I don't think disagreeing with you makes me ignorant or gives you any special
insight into my knowledge of type systems.

And my statement is only backwards from the perspective of developers who find
pleasure in working with such a compiler.

If you want to know the extent of my ignorance I've only used Haskell in so
far as to complete various programming exercises and inspecting the source
code to xMonad. I was interested enough at one point to find out what all the
hype was about. I've watched most of the seminal talks from Peyton-Jones and
I've read numerous papers on Hindley-Milner type inference, category theory,
monads... and perhaps countless more articles than I care to remember that
extoll the virtues of the pain of getting your types right (in fact I think
I've read it from numerous sources describing the experience as "pain," but
that, "it's worth it").

Weird.

In the end my conclusion, different and ignorant though it is, is that purity
is over-rated and not worth the trade-offs. I prefer languages that let me be
the judge of what is useful and avoid languages that make broad
generalizations about purity, mutability, and types.

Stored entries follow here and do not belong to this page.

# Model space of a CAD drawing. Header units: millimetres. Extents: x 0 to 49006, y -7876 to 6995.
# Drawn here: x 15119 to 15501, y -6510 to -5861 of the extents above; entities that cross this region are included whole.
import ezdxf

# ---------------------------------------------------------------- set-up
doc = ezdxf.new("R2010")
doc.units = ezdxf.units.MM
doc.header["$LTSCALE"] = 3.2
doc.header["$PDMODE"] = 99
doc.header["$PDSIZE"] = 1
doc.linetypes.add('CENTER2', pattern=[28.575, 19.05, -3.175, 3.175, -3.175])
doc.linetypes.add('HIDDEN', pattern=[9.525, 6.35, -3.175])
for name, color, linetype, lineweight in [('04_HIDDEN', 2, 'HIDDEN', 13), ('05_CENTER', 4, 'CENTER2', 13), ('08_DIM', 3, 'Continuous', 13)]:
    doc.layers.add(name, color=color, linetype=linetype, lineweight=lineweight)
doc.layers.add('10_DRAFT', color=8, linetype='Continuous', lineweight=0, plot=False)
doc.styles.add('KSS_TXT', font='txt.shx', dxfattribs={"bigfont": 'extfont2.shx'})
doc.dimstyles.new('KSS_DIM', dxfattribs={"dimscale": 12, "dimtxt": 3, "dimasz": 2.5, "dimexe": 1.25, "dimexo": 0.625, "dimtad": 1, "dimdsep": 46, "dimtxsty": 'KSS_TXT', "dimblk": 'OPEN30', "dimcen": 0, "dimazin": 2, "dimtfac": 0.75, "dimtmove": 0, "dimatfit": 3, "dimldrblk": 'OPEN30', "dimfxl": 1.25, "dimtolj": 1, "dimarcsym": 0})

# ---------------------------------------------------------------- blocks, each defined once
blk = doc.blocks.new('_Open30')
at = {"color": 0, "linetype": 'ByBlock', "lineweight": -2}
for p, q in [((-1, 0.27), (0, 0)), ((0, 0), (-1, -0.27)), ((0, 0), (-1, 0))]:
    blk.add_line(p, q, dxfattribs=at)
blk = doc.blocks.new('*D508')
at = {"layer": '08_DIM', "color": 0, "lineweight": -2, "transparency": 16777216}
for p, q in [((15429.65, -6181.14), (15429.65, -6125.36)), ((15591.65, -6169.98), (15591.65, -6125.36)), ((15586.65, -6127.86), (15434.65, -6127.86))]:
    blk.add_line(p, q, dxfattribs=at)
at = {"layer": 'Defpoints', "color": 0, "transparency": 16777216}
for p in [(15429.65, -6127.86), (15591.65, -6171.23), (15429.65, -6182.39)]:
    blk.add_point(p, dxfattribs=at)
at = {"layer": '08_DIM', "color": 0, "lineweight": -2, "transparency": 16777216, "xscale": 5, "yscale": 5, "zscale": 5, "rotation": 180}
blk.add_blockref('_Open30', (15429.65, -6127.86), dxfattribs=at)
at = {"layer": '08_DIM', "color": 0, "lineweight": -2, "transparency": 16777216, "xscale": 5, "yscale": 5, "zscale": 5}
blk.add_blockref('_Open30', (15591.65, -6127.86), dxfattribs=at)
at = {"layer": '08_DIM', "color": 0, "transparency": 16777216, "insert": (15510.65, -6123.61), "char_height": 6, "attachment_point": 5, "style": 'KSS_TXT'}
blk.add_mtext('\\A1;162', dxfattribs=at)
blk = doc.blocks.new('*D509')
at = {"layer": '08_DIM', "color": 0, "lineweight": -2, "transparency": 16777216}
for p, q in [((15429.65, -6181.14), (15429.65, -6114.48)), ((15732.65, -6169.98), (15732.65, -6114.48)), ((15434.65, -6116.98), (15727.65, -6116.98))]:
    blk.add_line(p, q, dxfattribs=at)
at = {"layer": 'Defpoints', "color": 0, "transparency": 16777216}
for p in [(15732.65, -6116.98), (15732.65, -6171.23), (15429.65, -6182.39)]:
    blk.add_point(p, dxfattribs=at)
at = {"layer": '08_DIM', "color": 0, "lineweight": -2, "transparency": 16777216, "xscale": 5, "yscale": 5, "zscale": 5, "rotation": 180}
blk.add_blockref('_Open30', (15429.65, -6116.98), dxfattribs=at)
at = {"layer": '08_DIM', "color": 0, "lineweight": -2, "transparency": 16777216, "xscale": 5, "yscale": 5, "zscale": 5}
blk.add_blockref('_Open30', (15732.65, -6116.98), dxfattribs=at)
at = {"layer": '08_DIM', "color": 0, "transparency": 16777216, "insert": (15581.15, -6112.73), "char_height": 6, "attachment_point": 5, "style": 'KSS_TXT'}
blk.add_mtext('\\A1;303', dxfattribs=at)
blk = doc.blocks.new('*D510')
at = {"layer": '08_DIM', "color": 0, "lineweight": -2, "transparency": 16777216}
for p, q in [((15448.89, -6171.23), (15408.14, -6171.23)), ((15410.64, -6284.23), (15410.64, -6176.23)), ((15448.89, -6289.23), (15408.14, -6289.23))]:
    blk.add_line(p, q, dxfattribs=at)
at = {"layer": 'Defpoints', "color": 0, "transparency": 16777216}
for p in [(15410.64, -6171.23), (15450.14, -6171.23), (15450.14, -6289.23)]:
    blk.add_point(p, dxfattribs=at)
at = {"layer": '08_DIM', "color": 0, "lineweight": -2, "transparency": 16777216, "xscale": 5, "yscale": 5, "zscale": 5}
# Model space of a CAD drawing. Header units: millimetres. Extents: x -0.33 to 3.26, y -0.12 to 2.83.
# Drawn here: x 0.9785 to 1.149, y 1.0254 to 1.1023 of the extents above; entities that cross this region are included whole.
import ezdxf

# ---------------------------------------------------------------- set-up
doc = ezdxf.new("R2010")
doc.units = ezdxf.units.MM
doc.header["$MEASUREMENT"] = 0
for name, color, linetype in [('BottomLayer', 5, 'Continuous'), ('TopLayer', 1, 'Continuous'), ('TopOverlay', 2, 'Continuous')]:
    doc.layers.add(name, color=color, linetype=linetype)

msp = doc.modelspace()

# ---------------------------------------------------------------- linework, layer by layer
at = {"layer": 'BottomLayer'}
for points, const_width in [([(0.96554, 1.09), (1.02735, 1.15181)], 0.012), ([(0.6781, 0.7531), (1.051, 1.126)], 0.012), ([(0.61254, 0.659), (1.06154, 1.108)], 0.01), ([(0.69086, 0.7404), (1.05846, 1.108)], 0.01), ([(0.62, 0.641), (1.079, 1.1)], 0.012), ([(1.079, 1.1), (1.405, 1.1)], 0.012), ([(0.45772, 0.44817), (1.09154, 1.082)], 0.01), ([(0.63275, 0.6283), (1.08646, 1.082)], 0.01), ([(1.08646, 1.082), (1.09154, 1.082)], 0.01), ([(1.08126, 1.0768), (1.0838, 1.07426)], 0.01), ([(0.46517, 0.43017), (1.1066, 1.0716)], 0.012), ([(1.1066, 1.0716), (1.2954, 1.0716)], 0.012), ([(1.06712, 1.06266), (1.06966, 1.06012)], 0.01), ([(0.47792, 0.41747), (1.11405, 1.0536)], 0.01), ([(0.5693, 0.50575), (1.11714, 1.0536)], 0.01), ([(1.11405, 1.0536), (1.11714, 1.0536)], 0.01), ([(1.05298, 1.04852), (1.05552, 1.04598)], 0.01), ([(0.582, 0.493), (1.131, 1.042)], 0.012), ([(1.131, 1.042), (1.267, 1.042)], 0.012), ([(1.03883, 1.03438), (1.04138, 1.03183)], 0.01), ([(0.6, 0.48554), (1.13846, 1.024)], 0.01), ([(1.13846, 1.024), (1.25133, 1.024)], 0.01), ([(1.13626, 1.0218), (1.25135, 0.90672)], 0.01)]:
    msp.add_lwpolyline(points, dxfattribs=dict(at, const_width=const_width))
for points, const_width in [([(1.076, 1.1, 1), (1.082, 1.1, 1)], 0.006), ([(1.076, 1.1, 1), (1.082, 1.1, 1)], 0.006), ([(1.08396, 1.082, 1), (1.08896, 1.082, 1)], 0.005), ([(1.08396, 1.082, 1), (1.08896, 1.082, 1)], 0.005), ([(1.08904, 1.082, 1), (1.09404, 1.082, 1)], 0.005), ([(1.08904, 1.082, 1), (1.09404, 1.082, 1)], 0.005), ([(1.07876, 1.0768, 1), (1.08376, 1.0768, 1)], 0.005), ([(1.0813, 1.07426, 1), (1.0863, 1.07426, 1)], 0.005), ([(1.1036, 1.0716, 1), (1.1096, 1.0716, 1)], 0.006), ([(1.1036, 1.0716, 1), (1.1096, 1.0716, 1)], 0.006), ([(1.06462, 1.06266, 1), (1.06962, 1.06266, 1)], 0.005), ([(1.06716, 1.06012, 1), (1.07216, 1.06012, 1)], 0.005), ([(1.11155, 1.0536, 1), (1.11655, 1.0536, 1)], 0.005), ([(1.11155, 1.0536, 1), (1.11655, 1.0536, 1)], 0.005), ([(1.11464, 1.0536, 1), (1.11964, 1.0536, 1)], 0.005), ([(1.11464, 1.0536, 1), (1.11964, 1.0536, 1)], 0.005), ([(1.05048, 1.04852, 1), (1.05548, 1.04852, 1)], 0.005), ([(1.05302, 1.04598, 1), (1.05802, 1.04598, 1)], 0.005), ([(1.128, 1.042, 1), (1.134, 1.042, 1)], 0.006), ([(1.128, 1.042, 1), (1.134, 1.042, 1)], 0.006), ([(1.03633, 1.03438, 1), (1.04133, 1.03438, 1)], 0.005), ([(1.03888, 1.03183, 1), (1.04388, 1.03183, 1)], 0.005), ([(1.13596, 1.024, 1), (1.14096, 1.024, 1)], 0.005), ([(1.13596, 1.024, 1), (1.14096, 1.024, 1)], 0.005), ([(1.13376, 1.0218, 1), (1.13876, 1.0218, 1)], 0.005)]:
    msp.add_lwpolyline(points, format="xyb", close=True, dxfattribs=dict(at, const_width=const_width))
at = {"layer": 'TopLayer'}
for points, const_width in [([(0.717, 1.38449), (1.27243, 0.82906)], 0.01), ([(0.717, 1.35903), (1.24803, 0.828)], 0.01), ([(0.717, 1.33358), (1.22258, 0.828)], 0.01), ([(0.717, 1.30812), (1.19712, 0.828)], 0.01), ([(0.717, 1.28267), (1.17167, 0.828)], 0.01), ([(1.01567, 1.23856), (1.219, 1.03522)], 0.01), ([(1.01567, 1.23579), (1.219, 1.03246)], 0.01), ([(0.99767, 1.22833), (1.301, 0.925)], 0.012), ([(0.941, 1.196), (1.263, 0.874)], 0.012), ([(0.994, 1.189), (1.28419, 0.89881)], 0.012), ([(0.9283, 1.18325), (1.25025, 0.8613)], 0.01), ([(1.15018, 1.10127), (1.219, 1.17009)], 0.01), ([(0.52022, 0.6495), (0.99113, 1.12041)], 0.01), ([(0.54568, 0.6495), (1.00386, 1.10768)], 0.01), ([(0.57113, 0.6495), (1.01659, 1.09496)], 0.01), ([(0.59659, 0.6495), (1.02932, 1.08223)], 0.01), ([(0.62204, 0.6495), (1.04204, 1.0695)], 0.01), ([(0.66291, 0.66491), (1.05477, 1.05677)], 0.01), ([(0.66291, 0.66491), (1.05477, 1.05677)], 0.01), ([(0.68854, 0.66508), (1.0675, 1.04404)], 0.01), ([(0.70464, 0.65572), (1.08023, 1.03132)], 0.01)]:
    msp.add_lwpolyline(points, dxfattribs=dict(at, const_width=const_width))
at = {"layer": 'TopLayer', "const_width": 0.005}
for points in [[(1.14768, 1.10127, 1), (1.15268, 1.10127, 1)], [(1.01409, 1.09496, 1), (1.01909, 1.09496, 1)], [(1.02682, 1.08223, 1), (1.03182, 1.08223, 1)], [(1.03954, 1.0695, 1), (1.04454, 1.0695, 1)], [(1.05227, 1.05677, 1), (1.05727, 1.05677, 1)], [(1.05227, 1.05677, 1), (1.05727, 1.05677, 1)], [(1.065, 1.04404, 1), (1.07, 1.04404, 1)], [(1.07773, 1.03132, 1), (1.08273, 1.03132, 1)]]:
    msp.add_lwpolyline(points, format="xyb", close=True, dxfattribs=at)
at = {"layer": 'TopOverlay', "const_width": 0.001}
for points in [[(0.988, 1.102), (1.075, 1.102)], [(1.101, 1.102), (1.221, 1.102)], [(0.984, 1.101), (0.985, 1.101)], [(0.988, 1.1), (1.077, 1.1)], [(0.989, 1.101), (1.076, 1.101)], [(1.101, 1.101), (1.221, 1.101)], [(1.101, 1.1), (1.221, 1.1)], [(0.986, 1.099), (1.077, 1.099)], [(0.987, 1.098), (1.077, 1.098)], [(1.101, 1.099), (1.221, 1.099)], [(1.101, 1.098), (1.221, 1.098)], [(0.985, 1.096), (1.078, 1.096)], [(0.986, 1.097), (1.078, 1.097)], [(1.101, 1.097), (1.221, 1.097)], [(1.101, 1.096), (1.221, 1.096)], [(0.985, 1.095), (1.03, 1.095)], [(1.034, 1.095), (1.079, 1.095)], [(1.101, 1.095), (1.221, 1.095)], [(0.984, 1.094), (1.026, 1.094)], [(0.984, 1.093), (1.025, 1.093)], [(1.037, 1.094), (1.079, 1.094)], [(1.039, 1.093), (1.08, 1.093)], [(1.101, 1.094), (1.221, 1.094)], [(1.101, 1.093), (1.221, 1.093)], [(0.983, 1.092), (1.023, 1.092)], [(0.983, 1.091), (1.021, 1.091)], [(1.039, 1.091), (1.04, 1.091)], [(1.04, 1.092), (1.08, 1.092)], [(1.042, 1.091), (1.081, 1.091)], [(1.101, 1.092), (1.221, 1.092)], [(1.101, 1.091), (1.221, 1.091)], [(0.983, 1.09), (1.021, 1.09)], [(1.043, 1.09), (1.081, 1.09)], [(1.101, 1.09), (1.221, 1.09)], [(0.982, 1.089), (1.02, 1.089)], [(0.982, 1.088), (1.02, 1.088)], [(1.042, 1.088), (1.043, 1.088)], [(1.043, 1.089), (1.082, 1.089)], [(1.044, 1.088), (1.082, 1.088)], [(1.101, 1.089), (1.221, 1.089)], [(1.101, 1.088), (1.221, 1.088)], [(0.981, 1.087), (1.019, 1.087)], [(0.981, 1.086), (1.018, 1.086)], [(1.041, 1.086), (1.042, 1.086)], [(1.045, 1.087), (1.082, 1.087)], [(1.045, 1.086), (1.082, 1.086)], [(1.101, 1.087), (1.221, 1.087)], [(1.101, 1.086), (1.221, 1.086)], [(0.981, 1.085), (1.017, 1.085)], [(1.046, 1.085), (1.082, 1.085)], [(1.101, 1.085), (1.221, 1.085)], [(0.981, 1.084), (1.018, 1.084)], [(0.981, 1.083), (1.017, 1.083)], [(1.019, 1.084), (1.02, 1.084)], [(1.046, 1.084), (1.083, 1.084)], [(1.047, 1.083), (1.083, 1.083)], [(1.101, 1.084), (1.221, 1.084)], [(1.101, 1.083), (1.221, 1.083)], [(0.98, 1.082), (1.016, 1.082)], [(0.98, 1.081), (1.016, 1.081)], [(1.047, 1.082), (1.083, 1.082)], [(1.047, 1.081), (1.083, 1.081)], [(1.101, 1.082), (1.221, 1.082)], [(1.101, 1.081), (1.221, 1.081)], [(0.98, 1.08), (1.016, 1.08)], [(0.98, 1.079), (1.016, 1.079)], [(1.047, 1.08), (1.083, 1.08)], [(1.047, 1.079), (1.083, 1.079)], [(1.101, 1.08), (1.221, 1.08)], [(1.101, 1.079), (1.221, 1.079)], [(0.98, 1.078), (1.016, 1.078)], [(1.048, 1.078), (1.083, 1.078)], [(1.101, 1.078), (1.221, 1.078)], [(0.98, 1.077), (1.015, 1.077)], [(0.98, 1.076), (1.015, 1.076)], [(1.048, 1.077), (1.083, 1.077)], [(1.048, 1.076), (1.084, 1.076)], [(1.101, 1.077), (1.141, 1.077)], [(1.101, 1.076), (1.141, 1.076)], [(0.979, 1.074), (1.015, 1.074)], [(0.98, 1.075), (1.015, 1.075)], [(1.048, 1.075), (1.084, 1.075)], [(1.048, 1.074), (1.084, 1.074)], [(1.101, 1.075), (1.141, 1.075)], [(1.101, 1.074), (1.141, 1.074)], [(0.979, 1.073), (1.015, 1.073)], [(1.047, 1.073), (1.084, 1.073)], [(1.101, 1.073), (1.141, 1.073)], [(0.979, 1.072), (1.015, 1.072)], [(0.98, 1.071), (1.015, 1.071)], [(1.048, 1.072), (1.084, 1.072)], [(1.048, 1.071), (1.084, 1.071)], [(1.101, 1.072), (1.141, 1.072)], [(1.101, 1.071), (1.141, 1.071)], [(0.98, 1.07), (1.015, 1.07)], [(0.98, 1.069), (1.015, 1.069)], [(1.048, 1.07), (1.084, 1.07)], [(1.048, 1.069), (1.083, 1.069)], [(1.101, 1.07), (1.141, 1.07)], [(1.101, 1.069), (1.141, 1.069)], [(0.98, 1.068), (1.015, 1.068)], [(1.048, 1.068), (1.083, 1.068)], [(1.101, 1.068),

 _I pointed out that your broad claim is unsupported by evidence, and that my
personal experience was directly contradictory._

And my experience is directly contradictory to yours. So what?

If we needed hard numbers to settle this I think we will find that the
majority of web applications in existence are not written in Haskell. And if
we take a survey of developers who build and maintain web applications about
whether they would consider switching to Haskell I imagine very few would
answer, "Yes." I think they will continue to maintain and develop new features
and applications without Haskell and the world will continue to turn.

Yes, as you've pointed out, there are other people out there like you. Sorry,
you're in the minority. The vast, vast minority.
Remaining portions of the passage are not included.